**TASK REQUIREMENTS:** Give again, word for word, each line below starting at the one that contains "K4: Relay 4;" and ending at the one that contains "R19, R20: 10k;".

DATA START

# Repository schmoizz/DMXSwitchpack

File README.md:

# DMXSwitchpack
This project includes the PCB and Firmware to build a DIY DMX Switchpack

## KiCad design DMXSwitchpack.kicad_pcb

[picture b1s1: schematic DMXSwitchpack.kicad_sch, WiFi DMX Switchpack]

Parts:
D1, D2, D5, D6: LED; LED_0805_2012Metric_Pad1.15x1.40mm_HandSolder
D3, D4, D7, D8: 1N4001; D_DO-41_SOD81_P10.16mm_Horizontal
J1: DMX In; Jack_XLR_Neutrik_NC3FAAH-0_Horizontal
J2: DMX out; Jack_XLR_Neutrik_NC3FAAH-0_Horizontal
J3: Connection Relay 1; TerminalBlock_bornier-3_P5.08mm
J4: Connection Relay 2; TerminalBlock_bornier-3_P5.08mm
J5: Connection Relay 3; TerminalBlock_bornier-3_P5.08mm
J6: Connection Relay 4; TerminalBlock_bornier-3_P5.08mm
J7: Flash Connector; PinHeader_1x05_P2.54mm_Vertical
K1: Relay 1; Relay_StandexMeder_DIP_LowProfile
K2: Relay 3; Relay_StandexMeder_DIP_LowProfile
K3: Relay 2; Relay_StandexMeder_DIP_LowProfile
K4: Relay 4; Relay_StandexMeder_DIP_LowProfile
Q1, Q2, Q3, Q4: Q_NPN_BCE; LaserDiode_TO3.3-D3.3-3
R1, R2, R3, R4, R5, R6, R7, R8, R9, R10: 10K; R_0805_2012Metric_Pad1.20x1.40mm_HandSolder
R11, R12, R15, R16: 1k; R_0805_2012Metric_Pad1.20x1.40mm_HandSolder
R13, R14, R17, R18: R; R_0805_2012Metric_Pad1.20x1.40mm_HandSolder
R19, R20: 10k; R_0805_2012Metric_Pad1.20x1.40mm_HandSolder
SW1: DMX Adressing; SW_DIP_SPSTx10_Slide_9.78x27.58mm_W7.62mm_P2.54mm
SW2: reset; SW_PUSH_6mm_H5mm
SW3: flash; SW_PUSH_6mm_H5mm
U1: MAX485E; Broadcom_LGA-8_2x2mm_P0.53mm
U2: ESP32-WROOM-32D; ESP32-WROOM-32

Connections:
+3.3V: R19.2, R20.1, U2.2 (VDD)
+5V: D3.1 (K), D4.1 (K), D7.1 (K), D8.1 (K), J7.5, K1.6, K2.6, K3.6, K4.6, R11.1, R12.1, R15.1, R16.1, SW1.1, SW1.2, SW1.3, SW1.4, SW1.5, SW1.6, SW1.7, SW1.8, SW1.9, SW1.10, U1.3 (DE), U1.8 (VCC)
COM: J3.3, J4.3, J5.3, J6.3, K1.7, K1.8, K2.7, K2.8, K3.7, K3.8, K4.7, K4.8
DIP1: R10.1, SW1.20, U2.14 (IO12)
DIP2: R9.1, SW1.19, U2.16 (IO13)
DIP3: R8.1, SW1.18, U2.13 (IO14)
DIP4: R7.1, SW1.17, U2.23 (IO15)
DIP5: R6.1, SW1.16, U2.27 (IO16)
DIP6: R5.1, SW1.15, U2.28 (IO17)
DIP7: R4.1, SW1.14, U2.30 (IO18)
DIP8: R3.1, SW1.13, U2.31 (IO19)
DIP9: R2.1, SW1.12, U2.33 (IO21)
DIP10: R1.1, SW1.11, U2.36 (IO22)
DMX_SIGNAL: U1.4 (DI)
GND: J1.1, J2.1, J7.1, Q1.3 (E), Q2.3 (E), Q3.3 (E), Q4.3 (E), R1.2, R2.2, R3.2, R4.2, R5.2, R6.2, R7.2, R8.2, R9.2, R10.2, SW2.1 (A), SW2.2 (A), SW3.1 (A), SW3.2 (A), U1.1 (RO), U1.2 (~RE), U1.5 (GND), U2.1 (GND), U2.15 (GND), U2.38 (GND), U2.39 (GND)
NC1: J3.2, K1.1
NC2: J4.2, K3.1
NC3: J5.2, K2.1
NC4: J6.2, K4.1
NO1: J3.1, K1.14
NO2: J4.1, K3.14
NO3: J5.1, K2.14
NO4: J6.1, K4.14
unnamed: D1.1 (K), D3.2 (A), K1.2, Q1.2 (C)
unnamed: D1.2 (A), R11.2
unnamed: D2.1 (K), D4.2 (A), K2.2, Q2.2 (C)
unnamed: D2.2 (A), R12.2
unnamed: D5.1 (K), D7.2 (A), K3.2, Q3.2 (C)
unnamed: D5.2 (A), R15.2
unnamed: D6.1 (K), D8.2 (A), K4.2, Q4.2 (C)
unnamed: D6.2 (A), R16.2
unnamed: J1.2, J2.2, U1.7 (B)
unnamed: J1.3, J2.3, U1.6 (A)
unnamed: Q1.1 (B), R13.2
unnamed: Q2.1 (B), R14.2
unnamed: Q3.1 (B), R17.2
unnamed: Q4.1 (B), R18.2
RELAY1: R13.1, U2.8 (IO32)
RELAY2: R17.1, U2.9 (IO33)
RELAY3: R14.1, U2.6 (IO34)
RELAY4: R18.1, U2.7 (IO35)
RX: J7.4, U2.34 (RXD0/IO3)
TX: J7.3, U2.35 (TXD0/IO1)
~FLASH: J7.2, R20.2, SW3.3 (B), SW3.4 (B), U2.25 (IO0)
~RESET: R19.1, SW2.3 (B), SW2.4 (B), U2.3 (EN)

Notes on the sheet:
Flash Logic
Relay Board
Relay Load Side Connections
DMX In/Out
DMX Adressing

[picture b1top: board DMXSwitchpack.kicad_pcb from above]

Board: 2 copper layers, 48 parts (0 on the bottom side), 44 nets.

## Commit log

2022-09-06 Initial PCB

DATA END

**ANSWER TO THE PROBLEM:**
K4: Relay 4; Relay_StandexMeder_DIP_LowProfile
Q1, Q2, Q3, Q4: Q_NPN_BCE; LaserDiode_TO3.3-D3.3-3
R1, R2, R3, R4, R5, R6, R7, R8, R9, R10: 10K; R_0805_2012Metric_Pad1.20x1.40mm_HandSolder
R11, R12, R15, R16: 1k; R_0805_2012Metric_Pad1.20x1.40mm_HandSolder
R13, R14, R17, R18: R; R_0805_2012Metric_Pad1.20x1.40mm_HandSolder
R19, R20: 10k; R_0805_2012Metric_Pad1.20x1.40mm_HandSolder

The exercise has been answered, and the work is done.